» **EXERCISE DETAILS**: After reading the lines below, count those that contain "import" and give the count alone.

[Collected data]
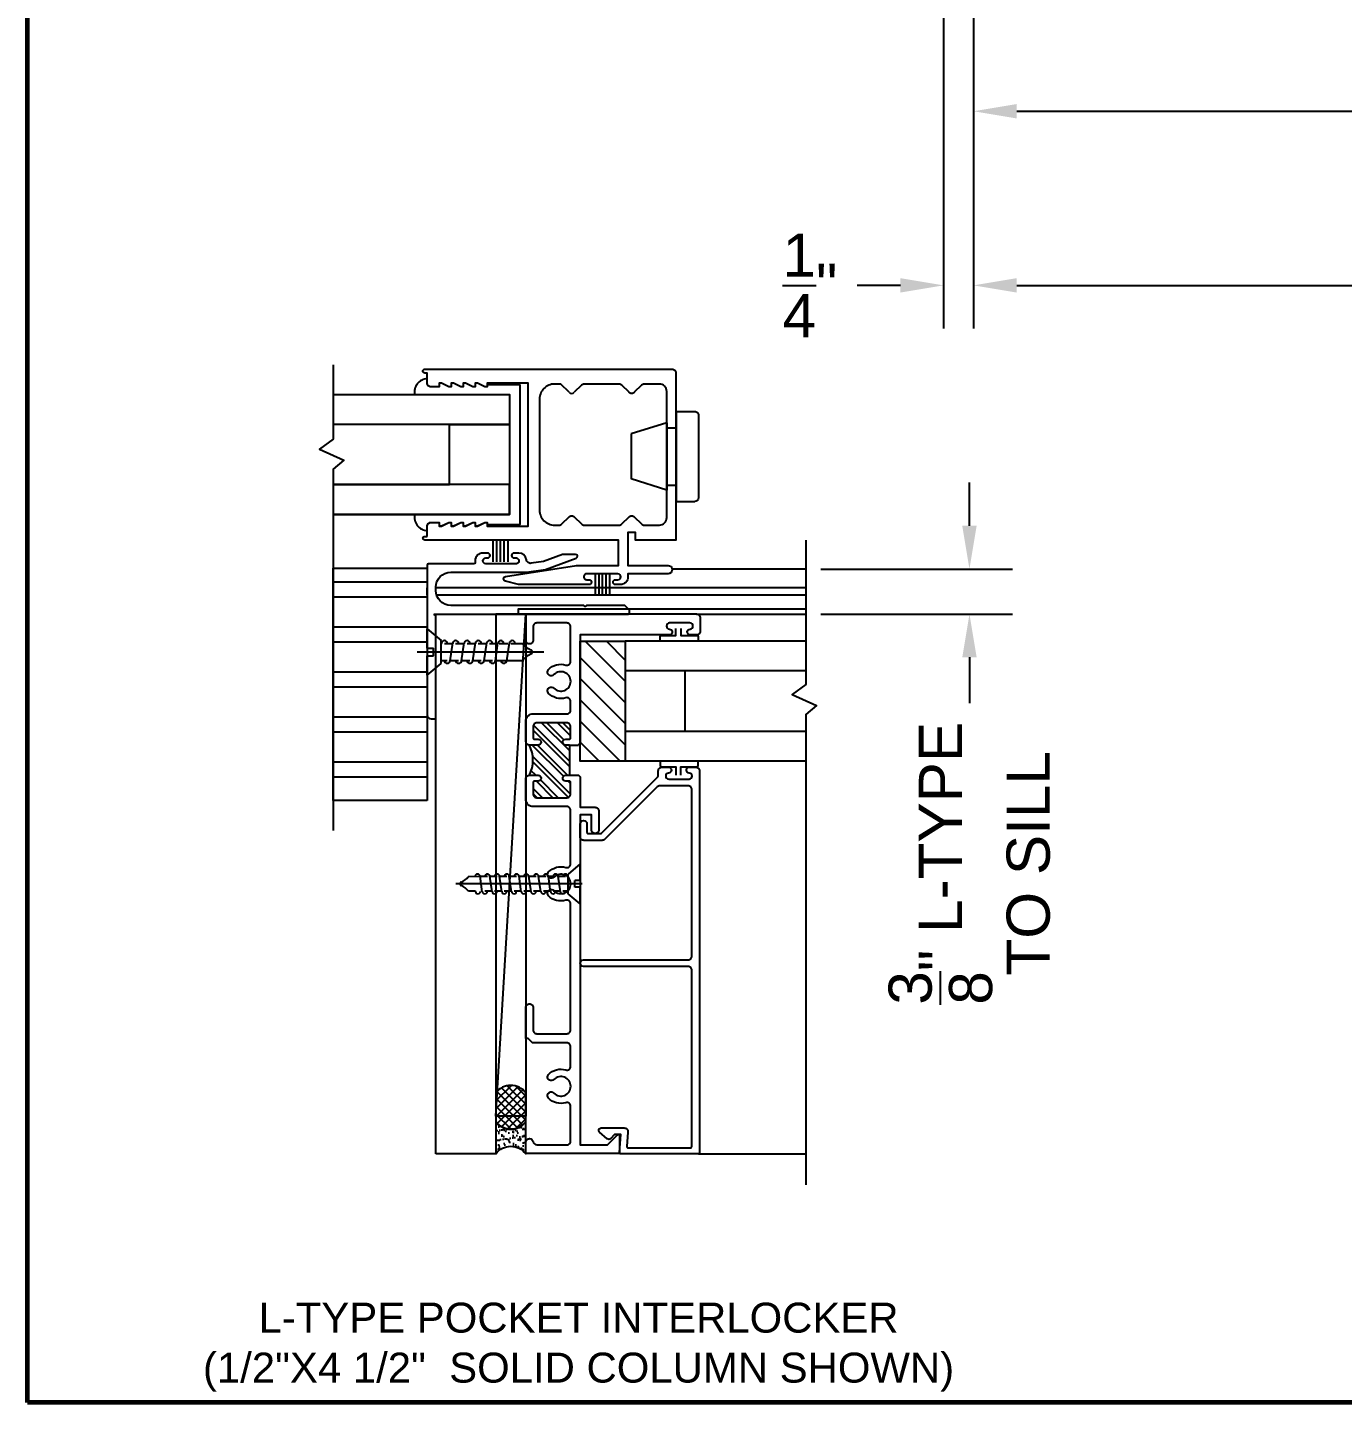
# Model space of a CAD drawing. Extents: x 9.5 to 51.5, y 29.9 to 61.9.
# Drawn here: x 9.48 to 20.44, y 29.85 to 41.32 of the extents above; entities that cross this region are included whole.
import ezdxf
from ezdxf.enums import TextEntityAlignment as Align

# ---------------------------------------------------------------- set-up
doc = ezdxf.new("R2010")
doc.units = 0
doc.header["$MEASUREMENT"] = 0
doc.linetypes.add('CENTER', pattern=[2, 1.25, -0.25, 0.25, -0.25])
doc.layers.get('0').update_dxf_attribs({"linetype": 'CONTINUOUS'})
doc.layers.get('DEFPOINTS').update_dxf_attribs({"linetype": 'CONTINUOUS'})
for name, color, linetype in [('BREAK', 6, 'CONTINUOUS'), ('FRAME', 1, 'CONTINUOUS'), ('GLASS', 5, 'CONTINUOUS'), ('INSTALLER NOTE', 7, 'CONTINUOUS'), ('MISC', 9, 'CONTINUOUS'), ('RISER', 7, 'CONTINUOUS'), ('SASH', 5, 'CONTINUOUS'), ('SEAL', 7, 'CONTINUOUS'), ('SEALANT', 1, 'CONTINUOUS'), ('SETTING BLOCKS', 4, 'CONTINUOUS'), ('SHIM', 1, 'CONTINUOUS'), ('SILL-PAN', 7, 'CONTINUOUS'), ('TEXT', 7, 'CONTINUOUS'), ('TRACK', 1, 'CONTINUOUS'), ('VENT', 5, 'CONTINUOUS'), ('WALL CONDITION', 7, 'CONTINUOUS'), ('WALL-CONDITION', 7, 'CONTINUOUS')]:
    doc.layers.add(name, color=color, linetype=linetype)
doc.styles.get("Standard").update_dxf_attribs({"font": 'arial.ttf'})
doc.dimstyles.new('QUARTER', dxfattribs={"dimscale": 2, "dimtxt": 0.18, "dimasz": 0.18, "dimexe": 0.18, "dimexo": 0.0625, "dimgap": 0.09, "dimtad": 0, "dimdec": 4, "dimzin": 0, "dimdsep": 46, "dimlunit": 4, "dimtxsty": 'Standard', "dimcen": 0.09, "dimadec": 0, "dimazin": 0, "dimtfac": 1, "dimtdec": 4, "dimtofl": 0, "dimtmove": 0, "dimatfit": 3, "dimfxl": 0, "dimtolj": 1, "dimtzin": 0, "dimarcsym": 0})

# ---------------------------------------------------------------- blocks, each defined once
blk = doc.blocks.new('*D13')
at = {"color": 0, "lineweight": -2}
for p, q in [((17.365, 48.646), (17.365, 40.261)), ((32.397, 43.754), (32.397, 40.261)), ((17.725, 40.621), (22.249, 40.621)), ((32.037, 40.621), (27.513, 40.621))]:
    blk.add_line(p, q, dxfattribs=at)
at = {"color": 0}
for points in [[(17.725, 40.681), (17.725, 40.561), (17.365, 40.621)], [(32.037, 40.681), (32.037, 40.561), (32.397, 40.621)]]:
    blk.add_solid(points, dxfattribs=at)
at = {"layer": 'DEFPOINTS', "color": 0}
for p in [(17.365, 48.771), (32.397, 43.879), (32.397, 40.621)]:
    blk.add_point(p, dxfattribs=at)
at = {"color": 0, "insert": (24.881, 40.621), "char_height": 0.36, "attachment_point": 5}
blk.add_mtext('\\A1;DAYLIGHT OPENING', dxfattribs=at)
blk = doc.blocks.new('*D15')
at = {"color": 0, "lineweight": -2}
for p, q in [((17.365, 48.646), (17.365, 38.809)), ((45.364, 43.764), (45.364, 38.809)), ((17.725, 39.169), (28.239, 39.169)), ((45.004, 39.169), (34.489, 39.169))]:
    blk.add_line(p, q, dxfattribs=at)
at = {"color": 0}
for points in [[(17.725, 39.229), (17.725, 39.109), (17.365, 39.169)], [(45.004, 39.229), (45.004, 39.109), (45.364, 39.169)]]:
    blk.add_solid(points, dxfattribs=at)
at = {"layer": 'DEFPOINTS', "color": 0}
for p in [(17.365, 48.771), (45.364, 43.889), (17.365, 39.169)]:
    blk.add_point(p, dxfattribs=at)
at = {"color": 0, "insert": (31.364, 39.169), "char_height": 0.36, "attachment_point": 5}
blk.add_mtext('\\A1;3070 NET FRAME WIDTH', dxfattribs=at)
blk = doc.blocks.new('*D23')
at = {"color": 0, "lineweight": -2}
for p, q in [((17.115, 48.646), (17.115, 38.809)), ((17.365, 48.646), (17.365, 38.809)), ((16.755, 39.169), (16.395, 39.169)), ((17.725, 39.169), (18.085, 39.169))]:
    blk.add_line(p, q, dxfattribs=at)
at = {"color": 0}
for points in [[(16.755, 39.229), (16.755, 39.109), (17.115, 39.169)], [(17.725, 39.229), (17.725, 39.109), (17.365, 39.169)]]:
    blk.add_solid(points, dxfattribs=at)
at = {"layer": 'DEFPOINTS', "color": 0}
for p in [(17.115, 48.771), (17.365, 48.771), (17.115, 39.169)]:
    blk.add_point(p, dxfattribs=at)
at = {"color": 0, "insert": (16.001, 39.169), "char_height": 0.36, "attachment_point": 5}
blk.add_mtext('\\A1;{\\H1.000000x;\\S1/4;}"', dxfattribs=at)
blk = doc.blocks.new('3006 STD POST-INTERLOCKER')
at = {"color": 7}
for p, q in [((-0.674, -0.979), (-0.674, -1.153)), ((-0.644, -0.979), (-0.644, -1.153)), ((-0.614, -0.979), (-0.614, -1.153)), ((-0.584, -0.979), (-0.584, -1.153)), ((-0.554, -0.979), (-0.554, -1.153))]:
    blk.add_line(p, q, dxfattribs=at)
for points in [[(-2.074, -0.666), (-2.074, -0.58, -0.414214), (-2.043, -0.55), (-1.974, -0.55), (-1.974, -0.58), (-1.954, -0.58), (-1.894, -0.55), (-1.874, -0.55), (-1.874, -0.58), (-1.854, -0.58), (-1.794, -0.55), (-1.774, -0.55), (-1.774, -0.58), (-1.754, -0.58), (-1.694, -0.55), (-1.674, -0.55), (-1.674, -0.58), (-1.654, -0.58), (-1.594, -0.55), (-1.574, -0.55), (-1.574, -0.58), (-1.231, -0.58), (-1.231, 0.61), (-1.574, 0.61), (-1.574, 0.581), (-1.594, 0.581), (-1.654, 0.61), (-1.674, 0.61), (-1.674, 0.581), (-1.694, 0.581), (-1.754, 0.61), (-1.774, 0.61), (-1.774, 0.581), (-1.794, 0.581), (-1.854, 0.61), (-1.874, 0.61), (-1.874, 0.581), (-1.894, 0.581), (-1.954, 0.61), (-1.974, 0.61), (-1.974, 0.581), (-2.043, 0.581, -0.414214), (-2.074, 0.611), (-2.074, 0.696), (-2.094, 0.696, -0.999996), (-2.094, 0.728), (-0.031, 0.728, -0.414214), (0, 0.697), (0, -0.697), (-0.338, -0.697), (-0.338, -0.635), (-0.4, -0.635), (-0.4, -0.908), (-0.066, -0.908, -1), (-0.066, -0.979), (-0.4, -0.979), (-0.4, -1.006, -0.414214), (-0.462, -1.068), (-0.504, -1.068, -1), (-0.504, -1.028), (-0.484, -1.028, 0.999996), (-0.484, -0.979), (-0.744, -0.979, 1.000003), (-0.744, -1.028), (-0.724, -1.028, -0.999994), (-0.724, -1.068), (-1.312, -1.068), (-1.422, -1.039, -0.811415), (-1.42, -1), (-0.828, -0.908), (-0.478, -0.908), (-0.478, -0.697), (-2.094, -0.697, -0.999996), (-2.094, -0.666), (-2.074, -0.666)], [(-0.891, 0.535), (-0.96, 0.604), (-1.012, 0.604, 0.414214), (-1.137, 0.479), (-1.137, -0.447, 0.414214), (-1.012, -0.572), (-0.973, -0.572, 0.198912), (-0.951, -0.563), (-0.891, -0.504, -0.414214), (-0.847, -0.504), (-0.787, -0.563, 0.198912), (-0.765, -0.572), (-0.473, -0.572, 0.198912), (-0.451, -0.563), (-0.391, -0.504, -0.414214), (-0.347, -0.504), (-0.287, -0.563, 0.198912), (-0.265, -0.572), (-0.138, -0.572, 0.414214), (-0.076, -0.51), (-0.076, 0.542, 0.414214), (-0.138, 0.604), (-0.265, 0.604, 0.198912), (-0.287, 0.594), (-0.347, 0.535, -0.414214), (-0.391, 0.535), (-0.451, 0.594, 0.198912), (-0.473, 0.604), (-0.765, 0.604, 0.198912), (-0.787, 0.594), (-0.847, 0.535)]]:
    blk.add_lwpolyline(points, format="xyb")
blk.add_arc((-0.869, 0.557), 0.031, 225.0005, 315.0002)
blk = doc.blocks.new('3801 1 INCH GLASS STOP')
blk.add_lwpolyline([(2.741, 0.327, -0.414214), (2.769, 0.299, -0.414214), (2.741, 0.271), (2.669, 0.271, 0.414214), (2.659, 0.261), (2.659, 0.167, 0.198912), (2.668, 0.145), (3.128, -0.315, 0.198912), (3.15, -0.324), (3.183, -0.324, -0.414214), (3.214, -0.355), (3.214, -0.408, -0.414214), (3.189, -0.433, -0.399638), (3.164, -0.41, 0.400364), (3.139, -0.386, 0.414214), (3.114, -0.411), (3.114, -0.581, 0.414214), (3.139, -0.606), (3.139, -0.606, 0.399638), (3.164, -0.582, -0.399638), (3.189, -0.558, -0.414214), (3.214, -0.583), (3.214, -0.637, -0.414214), (3.183, -0.668), (-0.001, -0.668, -0.414214), (-0.011, -0.658), (-0.011, -0.01, -0.440011), (0, 0), (0.149, -0.013), (0.149, 0.04), (0.115, 0.074, -0.395486), (0.114, 0.102), (0.17, 0.165, -0.691708), (0.205, 0.152), (0.205, -0.04, -0.440011), (0.171, -0.071), (0.05, -0.061, 0.440011), (0.039, -0.071), (0.039, -0.593, 0.414214), (0.049, -0.603), (1.52, -0.603, 0.414214), (1.551, -0.572), (1.551, 0.299, -0.414214), (1.579, 0.327, -0.414214), (1.607, 0.299), (1.607, -0.572, 0.414214), (1.638, -0.603), (3.027, -0.603, 0.414214), (3.058, -0.572), (3.058, -0.337, 0.198912), (3.049, -0.315), (2.612, 0.122, -0.198912), (2.603, 0.144), (2.603, 0.296, -0.414214), (2.634, 0.327)], format="xyb", close=True)
blk = doc.blocks.new('3805 BLOCK FRAME')
h = blk.add_hatch()
h.set_pattern_fill('ANSI32', color=256, scale=0.25, style=0)
h.set_pattern_definition([(45, (-4.16348, -5.189), (-0.0662913, 0.0662913), []), (45, (-4.11928, -5.189), (-0.0662913, 0.0662913), [])])
h.paths.add_polyline_path([(-0.819, 1.361, 0.414214), (-0.85, 1.392), (-0.946, 1.392, 0.414214), (-0.956, 1.382), (-0.956, 1.351, -0.414214), (-0.98, 1.326, -0.414214), (-1.005, 1.351), (-1.005, 1.423, -0.235384), (-1.256, 1.423), (-1.256, 1.351, -0.414214), (-1.282, 1.326, -0.414214), (-1.306, 1.351), (-1.306, 1.382, 0.414214), (-1.316, 1.392), (-1.413, 1.392, 0.414214), (-1.444, 1.361), (-1.444, 1.111, 0.414214), (-1.413, 1.08), (-1.316, 1.08, 0.414214), (-1.306, 1.09), (-1.306, 1.121, -0.414214), (-1.282, 1.146, -0.414214), (-1.256, 1.121), (-1.256, 1.09), (-1.005, 1.09), (-1.005, 1.121, -0.414214), (-0.98, 1.146, -0.414214), (-0.956, 1.121), (-0.956, 1.09, 0.414214), (-0.946, 1.08), (-0.85, 1.08, 0.414214), (-0.819, 1.111)])
for q in [(-1.256, 1.09), (-1.005, 1.015)]:
    blk.add_line((-1.005, 1.09), q)
blk.add_lwpolyline([(-3.452, 1.454), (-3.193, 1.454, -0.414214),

» **SOLUTION**: 2